### [Records drawn from a dataset]

--

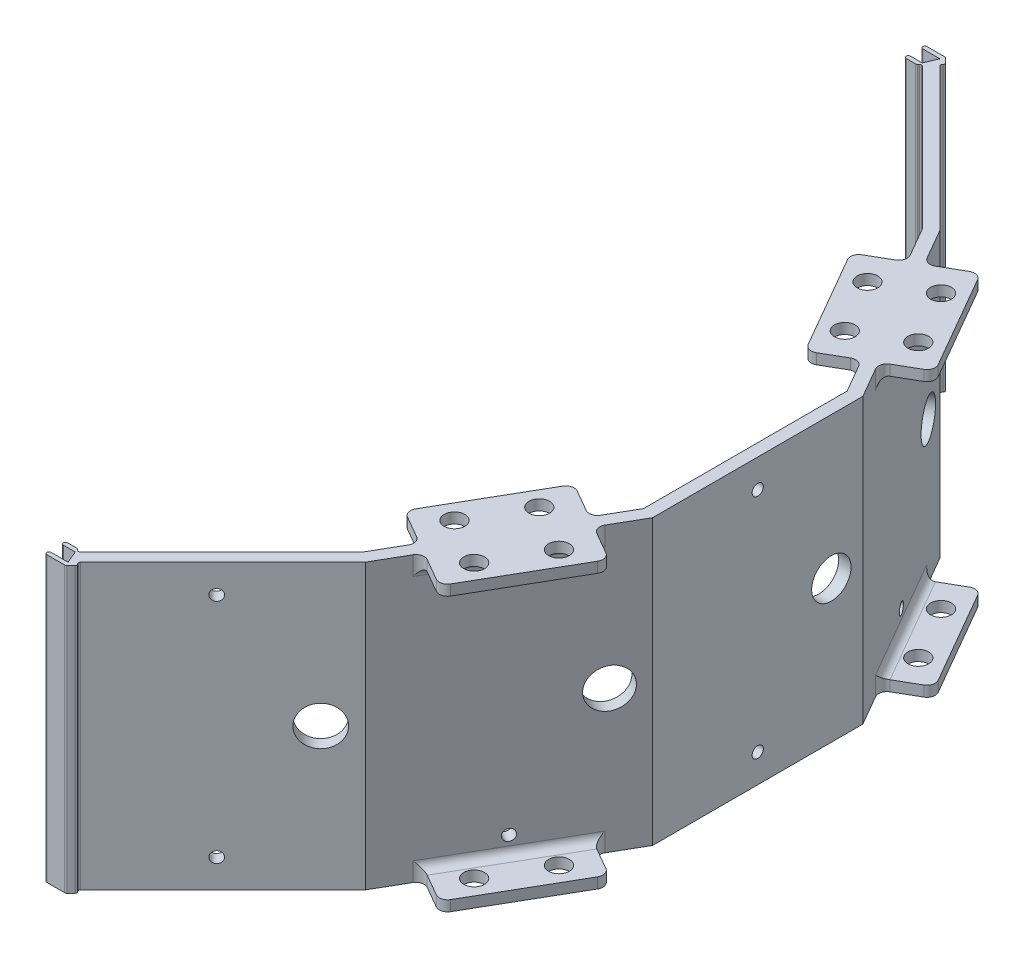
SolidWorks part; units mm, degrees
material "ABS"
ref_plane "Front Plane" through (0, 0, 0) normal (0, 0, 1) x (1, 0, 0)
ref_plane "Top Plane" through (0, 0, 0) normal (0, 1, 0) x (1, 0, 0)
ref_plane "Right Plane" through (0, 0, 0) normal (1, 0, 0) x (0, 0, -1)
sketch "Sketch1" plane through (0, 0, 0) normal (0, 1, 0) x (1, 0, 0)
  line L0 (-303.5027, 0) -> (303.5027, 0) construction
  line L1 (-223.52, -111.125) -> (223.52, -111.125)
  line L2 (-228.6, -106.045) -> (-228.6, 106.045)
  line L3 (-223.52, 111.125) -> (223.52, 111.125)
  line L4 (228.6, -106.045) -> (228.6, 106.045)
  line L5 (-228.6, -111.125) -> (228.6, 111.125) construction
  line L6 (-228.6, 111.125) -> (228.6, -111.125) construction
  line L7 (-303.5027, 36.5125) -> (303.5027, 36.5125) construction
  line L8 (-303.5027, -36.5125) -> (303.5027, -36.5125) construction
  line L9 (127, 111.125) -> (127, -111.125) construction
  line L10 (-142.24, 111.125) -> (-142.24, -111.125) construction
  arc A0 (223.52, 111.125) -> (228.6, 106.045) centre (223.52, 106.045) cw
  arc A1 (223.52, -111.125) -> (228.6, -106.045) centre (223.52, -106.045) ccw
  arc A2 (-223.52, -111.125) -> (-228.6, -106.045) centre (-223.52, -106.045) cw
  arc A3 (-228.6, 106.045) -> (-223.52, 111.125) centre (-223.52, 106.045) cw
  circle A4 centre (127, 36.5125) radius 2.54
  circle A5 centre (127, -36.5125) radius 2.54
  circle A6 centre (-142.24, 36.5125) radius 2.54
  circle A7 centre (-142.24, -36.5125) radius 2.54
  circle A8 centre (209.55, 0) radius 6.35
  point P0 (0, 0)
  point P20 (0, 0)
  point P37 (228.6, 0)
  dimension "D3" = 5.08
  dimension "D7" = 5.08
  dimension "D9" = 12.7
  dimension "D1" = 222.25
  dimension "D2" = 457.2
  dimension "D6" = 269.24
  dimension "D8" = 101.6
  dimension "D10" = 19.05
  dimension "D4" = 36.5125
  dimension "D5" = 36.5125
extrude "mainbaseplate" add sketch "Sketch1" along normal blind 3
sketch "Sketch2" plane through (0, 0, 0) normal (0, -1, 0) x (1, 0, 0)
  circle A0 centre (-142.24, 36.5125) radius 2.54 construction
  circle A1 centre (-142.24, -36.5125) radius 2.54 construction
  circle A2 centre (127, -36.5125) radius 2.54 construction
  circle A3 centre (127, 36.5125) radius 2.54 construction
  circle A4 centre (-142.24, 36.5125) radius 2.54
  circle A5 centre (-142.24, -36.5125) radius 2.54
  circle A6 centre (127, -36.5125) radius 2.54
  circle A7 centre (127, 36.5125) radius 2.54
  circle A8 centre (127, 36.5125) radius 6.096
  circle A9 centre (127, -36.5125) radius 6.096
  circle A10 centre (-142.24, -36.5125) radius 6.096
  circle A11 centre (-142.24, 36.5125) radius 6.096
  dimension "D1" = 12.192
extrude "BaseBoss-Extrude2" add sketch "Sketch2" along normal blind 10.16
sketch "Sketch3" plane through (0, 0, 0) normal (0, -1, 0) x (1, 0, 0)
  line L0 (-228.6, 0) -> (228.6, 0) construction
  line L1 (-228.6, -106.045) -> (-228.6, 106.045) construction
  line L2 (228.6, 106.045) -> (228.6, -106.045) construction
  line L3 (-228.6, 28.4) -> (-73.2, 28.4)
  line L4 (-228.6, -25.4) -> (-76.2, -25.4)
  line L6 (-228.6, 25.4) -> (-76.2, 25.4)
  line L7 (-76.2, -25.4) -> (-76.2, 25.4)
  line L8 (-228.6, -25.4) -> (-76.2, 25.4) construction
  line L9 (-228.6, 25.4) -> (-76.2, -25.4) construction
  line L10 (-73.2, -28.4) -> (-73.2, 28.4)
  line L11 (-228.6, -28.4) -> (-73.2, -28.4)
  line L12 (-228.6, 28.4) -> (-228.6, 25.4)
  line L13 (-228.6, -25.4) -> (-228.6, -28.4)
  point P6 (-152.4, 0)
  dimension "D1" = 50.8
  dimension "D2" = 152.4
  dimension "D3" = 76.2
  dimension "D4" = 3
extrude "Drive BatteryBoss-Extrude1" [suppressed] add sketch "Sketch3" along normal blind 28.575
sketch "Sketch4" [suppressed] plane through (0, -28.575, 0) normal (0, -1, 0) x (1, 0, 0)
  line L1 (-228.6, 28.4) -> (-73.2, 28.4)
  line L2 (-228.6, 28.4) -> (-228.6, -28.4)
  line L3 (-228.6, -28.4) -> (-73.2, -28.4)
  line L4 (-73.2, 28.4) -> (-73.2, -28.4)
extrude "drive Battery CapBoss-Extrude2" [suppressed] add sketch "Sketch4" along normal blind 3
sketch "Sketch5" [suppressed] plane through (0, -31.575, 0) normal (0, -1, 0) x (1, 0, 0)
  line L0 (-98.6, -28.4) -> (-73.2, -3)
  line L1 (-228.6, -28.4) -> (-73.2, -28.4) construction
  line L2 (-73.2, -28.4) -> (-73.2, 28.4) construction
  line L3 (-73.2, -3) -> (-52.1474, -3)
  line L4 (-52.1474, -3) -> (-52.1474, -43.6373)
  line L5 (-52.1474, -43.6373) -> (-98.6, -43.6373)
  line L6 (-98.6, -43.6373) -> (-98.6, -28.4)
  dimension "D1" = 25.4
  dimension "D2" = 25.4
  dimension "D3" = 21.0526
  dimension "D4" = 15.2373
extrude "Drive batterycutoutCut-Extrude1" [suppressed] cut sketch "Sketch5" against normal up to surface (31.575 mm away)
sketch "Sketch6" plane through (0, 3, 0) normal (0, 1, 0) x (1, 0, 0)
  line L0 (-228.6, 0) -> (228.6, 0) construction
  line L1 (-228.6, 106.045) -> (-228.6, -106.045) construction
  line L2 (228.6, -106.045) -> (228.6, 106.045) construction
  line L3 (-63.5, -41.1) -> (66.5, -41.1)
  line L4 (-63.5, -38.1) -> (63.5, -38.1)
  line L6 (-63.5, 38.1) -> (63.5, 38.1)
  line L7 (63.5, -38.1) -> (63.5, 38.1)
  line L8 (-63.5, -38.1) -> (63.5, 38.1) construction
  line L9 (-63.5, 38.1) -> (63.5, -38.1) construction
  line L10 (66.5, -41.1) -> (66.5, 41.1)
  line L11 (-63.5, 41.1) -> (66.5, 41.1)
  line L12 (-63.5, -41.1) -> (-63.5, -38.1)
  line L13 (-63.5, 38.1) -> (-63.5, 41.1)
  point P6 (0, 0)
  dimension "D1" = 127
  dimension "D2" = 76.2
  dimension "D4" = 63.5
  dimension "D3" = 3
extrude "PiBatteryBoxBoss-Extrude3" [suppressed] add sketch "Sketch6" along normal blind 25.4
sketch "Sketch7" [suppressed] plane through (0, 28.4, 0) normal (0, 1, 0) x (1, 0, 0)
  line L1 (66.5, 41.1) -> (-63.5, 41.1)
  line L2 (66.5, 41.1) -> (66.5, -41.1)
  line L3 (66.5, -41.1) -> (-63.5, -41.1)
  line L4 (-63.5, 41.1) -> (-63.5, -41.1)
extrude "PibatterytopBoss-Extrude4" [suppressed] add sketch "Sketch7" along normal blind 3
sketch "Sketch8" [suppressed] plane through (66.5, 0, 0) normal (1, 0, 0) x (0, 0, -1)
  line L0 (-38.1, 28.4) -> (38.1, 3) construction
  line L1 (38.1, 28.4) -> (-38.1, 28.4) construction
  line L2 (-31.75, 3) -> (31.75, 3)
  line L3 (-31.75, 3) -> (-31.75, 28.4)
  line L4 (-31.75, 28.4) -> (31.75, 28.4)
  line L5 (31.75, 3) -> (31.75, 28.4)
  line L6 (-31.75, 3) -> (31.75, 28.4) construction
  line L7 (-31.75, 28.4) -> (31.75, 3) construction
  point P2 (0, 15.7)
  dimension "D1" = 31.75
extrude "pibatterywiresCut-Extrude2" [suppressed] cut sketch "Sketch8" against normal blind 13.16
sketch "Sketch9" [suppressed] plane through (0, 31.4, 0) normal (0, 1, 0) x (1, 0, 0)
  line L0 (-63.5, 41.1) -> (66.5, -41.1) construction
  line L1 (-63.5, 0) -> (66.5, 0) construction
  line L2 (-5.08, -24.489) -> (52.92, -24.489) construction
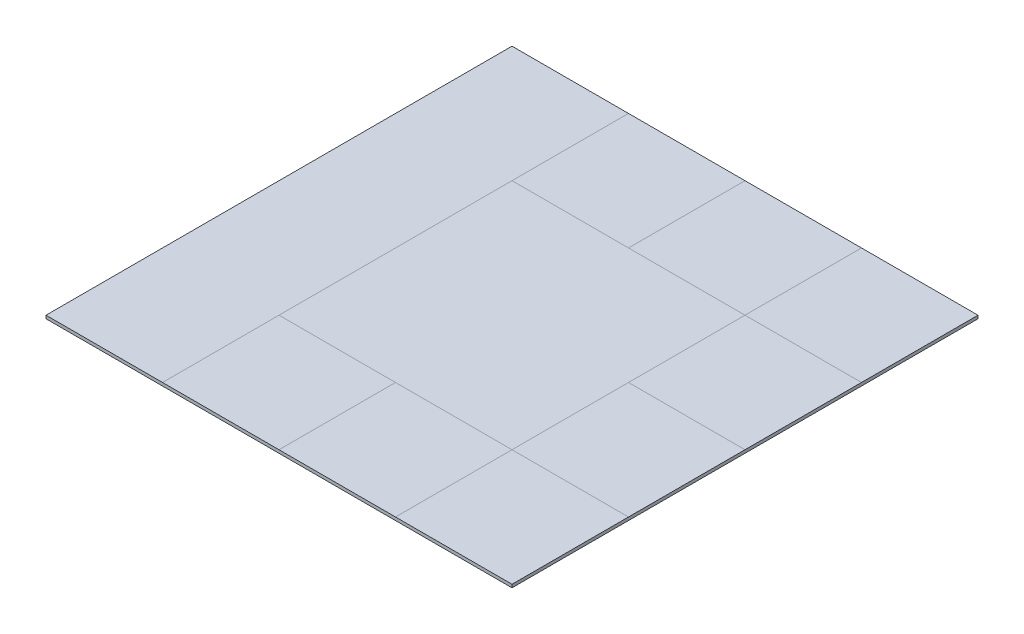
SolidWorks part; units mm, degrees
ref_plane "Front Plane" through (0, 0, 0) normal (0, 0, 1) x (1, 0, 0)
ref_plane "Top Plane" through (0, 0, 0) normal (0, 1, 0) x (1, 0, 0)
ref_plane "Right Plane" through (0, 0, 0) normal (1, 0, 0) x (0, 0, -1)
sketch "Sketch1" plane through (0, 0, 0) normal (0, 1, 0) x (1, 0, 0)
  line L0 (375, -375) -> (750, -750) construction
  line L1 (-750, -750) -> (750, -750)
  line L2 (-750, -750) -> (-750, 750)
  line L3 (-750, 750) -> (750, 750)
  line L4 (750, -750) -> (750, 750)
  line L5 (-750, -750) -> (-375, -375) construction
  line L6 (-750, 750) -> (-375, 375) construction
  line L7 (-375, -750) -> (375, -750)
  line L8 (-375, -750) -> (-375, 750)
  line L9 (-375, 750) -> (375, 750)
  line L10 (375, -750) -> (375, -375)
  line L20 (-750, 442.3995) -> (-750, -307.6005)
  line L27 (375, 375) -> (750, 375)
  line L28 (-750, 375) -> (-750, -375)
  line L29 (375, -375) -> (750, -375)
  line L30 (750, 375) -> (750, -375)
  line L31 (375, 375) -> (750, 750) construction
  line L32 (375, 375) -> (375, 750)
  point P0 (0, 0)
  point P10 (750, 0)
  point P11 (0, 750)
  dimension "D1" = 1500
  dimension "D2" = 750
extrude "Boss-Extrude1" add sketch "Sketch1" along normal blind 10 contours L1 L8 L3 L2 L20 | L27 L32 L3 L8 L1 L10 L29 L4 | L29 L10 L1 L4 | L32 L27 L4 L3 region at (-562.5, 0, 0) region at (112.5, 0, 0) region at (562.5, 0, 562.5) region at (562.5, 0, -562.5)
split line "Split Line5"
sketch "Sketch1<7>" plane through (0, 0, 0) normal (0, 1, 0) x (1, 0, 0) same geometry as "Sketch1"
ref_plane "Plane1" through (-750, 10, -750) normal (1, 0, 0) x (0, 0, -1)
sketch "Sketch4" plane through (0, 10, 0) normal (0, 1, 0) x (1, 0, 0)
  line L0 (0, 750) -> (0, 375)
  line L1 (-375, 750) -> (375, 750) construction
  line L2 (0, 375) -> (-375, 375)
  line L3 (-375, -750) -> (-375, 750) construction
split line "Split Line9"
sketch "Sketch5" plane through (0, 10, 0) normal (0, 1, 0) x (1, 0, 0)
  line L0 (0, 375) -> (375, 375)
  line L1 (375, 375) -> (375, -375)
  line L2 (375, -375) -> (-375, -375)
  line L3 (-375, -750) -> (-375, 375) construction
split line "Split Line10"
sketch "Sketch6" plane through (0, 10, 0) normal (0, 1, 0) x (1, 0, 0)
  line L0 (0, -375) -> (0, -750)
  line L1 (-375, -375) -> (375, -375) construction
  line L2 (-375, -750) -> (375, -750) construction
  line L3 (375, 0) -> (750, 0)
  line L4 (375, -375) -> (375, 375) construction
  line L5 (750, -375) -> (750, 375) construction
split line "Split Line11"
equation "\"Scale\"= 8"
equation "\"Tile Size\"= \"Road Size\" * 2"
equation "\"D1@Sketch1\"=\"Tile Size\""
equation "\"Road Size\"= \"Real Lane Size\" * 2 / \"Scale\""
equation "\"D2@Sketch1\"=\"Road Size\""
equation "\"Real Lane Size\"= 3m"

--

Taking the entries above, print exactly the lines starting at the line with "line L10 (66.5, -41.1) -> (66.5, 41.1)" and ending at the line with "normal blind 25.4", both included.

  line L10 (66.5, -41.1) -> (66.5, 41.1)
  line L11 (-63.5, 41.1) -> (66.5, 41.1)
  line L12 (-63.5, -41.1) -> (-63.5, -38.1)
  line L13 (-63.5, 38.1) -> (-63.5, 41.1)
  point P6 (0, 0)
  dimension "D1" = 127
  dimension "D2" = 76.2
  dimension "D4" = 63.5
  dimension "D3" = 3
extrude "PiBatteryBoxBoss-Extrude3" [suppressed] add sketch "Sketch6" along normal blind 25.4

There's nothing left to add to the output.